I think I'm working around the concept that there may have been no single
organism which did much more than predominate in the black death epidemic.
There is material about this in Defoe and as soon as I can get a print
copy of the book, we may be able to have a more substantive discussion
about it.
The question seems to be one that is currently relevent to the AIDS and
ME/CFIDS epidemics. We know what the illnesses are and there seem to be
many collateral organisms. Which aspects of the diseases are caused by
which viruses? In the second week of the plague, there were some fifty
nine deaths--I may find out that I may be off by one or two when I get the
book. I read everything on tape and it is hard to go back and find data.

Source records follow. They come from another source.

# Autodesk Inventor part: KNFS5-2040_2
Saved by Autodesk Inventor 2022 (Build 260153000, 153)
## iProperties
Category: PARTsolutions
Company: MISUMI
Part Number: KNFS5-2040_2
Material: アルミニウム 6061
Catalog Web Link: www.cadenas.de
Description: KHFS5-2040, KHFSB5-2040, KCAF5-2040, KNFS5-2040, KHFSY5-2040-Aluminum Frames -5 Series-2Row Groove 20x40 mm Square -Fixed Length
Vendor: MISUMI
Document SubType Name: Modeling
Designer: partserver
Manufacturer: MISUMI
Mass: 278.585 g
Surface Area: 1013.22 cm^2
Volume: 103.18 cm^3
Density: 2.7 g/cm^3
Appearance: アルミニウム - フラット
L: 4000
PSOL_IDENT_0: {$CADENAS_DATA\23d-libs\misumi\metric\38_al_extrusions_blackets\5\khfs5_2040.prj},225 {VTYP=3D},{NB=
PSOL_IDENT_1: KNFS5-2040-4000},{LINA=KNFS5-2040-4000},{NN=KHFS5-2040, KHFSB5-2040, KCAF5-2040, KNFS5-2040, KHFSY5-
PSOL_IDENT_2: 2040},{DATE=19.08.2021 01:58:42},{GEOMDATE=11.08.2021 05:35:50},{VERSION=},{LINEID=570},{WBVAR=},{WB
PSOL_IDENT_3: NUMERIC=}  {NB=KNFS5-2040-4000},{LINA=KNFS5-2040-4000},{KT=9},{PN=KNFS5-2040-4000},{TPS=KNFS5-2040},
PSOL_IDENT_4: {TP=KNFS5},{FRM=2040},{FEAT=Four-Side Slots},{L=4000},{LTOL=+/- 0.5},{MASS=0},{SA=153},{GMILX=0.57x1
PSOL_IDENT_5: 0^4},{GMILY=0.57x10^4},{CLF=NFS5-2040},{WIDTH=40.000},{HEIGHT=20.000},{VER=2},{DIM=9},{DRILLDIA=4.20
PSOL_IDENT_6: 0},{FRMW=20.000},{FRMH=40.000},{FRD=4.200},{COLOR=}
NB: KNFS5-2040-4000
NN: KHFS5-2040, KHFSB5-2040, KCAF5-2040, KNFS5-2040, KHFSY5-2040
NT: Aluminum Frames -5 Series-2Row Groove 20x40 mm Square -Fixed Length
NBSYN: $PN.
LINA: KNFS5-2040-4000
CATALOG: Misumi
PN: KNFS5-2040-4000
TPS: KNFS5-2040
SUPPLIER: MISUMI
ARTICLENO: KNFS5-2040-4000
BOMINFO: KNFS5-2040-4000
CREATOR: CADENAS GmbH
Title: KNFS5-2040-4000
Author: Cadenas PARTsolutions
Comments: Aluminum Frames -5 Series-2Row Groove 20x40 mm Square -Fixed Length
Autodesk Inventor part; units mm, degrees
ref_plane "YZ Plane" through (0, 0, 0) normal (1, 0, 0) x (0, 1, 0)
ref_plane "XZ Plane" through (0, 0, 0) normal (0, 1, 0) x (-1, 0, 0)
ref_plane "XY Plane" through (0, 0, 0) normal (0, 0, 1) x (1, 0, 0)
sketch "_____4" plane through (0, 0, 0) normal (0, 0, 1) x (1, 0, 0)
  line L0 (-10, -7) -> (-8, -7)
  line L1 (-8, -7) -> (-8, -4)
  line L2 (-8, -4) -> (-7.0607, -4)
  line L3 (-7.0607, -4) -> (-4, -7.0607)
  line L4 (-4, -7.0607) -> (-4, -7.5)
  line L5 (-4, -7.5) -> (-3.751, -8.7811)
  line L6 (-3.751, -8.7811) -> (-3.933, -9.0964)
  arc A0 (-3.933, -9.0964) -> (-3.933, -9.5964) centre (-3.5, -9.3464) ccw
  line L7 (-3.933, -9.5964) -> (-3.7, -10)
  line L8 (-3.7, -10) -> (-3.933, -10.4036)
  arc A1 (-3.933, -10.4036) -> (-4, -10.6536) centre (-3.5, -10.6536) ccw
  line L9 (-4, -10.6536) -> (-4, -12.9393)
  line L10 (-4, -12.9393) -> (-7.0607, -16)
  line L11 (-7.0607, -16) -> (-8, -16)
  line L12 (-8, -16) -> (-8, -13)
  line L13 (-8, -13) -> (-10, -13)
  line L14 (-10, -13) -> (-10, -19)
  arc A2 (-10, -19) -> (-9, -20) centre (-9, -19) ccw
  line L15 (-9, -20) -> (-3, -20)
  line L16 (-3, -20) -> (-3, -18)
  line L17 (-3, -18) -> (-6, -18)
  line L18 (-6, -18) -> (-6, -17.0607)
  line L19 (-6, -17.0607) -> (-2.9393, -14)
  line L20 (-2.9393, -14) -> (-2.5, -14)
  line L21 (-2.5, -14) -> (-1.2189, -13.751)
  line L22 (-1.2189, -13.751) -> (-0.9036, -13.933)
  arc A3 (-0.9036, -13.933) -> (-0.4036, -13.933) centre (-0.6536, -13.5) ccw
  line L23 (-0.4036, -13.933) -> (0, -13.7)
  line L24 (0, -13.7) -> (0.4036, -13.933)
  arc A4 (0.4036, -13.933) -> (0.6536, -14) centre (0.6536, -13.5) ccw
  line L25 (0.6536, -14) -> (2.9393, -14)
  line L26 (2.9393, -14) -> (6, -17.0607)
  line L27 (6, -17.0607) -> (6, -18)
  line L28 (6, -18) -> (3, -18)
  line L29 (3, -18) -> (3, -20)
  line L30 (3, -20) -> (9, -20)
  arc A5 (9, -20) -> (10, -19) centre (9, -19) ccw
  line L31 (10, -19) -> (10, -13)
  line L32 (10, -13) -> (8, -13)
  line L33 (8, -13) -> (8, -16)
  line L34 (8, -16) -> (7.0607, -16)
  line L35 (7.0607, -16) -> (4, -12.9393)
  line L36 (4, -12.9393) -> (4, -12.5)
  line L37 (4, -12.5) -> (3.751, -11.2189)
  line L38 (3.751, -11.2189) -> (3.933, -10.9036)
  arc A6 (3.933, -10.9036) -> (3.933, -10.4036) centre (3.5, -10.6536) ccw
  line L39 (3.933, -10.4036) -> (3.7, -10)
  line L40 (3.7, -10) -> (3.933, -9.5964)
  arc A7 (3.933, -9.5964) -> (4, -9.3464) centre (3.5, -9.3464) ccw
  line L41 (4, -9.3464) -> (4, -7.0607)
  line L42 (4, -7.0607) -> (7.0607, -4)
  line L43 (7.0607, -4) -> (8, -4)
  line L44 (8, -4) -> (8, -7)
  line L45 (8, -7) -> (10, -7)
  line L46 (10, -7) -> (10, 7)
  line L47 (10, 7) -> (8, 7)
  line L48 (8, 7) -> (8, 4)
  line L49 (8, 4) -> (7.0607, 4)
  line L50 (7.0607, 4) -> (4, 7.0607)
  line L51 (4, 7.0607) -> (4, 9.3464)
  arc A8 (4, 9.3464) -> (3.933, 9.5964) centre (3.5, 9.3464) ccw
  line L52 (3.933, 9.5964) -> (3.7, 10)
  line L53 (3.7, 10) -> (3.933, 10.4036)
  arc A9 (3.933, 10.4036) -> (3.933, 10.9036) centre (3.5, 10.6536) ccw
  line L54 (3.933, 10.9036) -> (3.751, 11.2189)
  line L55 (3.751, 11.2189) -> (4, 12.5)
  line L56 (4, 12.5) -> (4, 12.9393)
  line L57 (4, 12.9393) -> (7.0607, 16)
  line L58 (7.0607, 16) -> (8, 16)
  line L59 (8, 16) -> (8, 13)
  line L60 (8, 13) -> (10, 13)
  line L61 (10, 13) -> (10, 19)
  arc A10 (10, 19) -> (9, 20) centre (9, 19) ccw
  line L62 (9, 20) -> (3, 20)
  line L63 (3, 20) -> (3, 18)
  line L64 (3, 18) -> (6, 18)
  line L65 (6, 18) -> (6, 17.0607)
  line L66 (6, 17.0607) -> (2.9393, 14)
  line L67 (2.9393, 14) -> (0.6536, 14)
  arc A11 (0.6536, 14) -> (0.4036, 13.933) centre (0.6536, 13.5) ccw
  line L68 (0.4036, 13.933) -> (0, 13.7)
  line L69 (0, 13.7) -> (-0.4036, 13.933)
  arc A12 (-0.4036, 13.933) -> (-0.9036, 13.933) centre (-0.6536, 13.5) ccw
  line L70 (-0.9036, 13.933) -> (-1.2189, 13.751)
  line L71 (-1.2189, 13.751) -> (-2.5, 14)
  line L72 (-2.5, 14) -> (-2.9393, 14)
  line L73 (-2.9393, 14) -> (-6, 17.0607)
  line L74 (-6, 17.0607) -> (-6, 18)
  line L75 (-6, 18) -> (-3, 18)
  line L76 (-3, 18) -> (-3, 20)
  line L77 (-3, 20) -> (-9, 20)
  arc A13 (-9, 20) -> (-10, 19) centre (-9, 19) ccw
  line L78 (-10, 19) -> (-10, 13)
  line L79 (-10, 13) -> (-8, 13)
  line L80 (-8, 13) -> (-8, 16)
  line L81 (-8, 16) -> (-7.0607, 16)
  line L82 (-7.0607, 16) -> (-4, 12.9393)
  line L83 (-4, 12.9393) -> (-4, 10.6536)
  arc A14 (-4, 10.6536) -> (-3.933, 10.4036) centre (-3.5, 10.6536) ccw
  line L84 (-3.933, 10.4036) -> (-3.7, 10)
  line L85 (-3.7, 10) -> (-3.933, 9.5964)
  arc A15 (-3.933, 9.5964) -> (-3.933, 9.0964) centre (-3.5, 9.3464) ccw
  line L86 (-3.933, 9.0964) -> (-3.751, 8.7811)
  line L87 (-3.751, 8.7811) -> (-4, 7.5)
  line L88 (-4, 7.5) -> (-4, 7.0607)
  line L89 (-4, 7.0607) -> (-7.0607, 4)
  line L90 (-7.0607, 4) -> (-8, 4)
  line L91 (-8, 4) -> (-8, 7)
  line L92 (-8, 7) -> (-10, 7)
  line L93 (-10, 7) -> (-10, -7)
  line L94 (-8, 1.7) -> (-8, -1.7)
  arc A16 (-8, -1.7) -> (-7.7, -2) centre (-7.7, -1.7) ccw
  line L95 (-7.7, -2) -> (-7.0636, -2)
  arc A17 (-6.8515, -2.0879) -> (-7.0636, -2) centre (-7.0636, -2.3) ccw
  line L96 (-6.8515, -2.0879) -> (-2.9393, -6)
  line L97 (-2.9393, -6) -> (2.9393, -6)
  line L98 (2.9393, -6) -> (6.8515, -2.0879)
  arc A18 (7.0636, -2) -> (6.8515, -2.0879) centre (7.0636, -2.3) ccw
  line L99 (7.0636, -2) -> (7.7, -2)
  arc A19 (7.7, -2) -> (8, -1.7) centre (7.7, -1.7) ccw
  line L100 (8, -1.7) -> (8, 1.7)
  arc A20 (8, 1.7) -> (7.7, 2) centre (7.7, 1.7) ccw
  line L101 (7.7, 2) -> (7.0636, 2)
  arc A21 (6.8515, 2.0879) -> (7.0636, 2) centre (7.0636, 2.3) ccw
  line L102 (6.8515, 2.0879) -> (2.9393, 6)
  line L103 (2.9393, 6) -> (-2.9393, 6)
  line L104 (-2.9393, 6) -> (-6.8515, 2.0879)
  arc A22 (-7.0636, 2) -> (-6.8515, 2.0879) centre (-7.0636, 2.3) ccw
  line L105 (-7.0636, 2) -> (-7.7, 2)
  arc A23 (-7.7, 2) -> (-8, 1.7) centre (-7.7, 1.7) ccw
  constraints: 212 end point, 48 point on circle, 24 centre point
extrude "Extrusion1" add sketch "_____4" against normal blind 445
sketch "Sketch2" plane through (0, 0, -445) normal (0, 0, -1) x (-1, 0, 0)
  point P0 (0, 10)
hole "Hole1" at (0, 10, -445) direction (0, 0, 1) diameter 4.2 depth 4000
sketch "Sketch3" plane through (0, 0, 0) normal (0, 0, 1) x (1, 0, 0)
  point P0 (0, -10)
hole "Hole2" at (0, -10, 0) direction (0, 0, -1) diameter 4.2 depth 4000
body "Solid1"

Of the fifty nine deaths, only nine or so were initially determined to be
the plague. The rest were spotted fever and other illnesses in unusually
high numbers. A second examination found I believe eleven more who were
thought to have the plague. Personally I would trust the first
examination more. There were two groups of people during the plague.
There were the ones who believed it to be a visitation from God to an
unrepentant people. These people packed the churches and ran around in
the streets half crazed. It was necessary to convince the people that
there was a single infection as much as possible so that people would take
ordinary precautionary measures against an infectious humour. The number
of illnesses involved in the early deaths might be expected to cause a
panic.
The idea that the epidemic was caused by rats or fleas is a modern one.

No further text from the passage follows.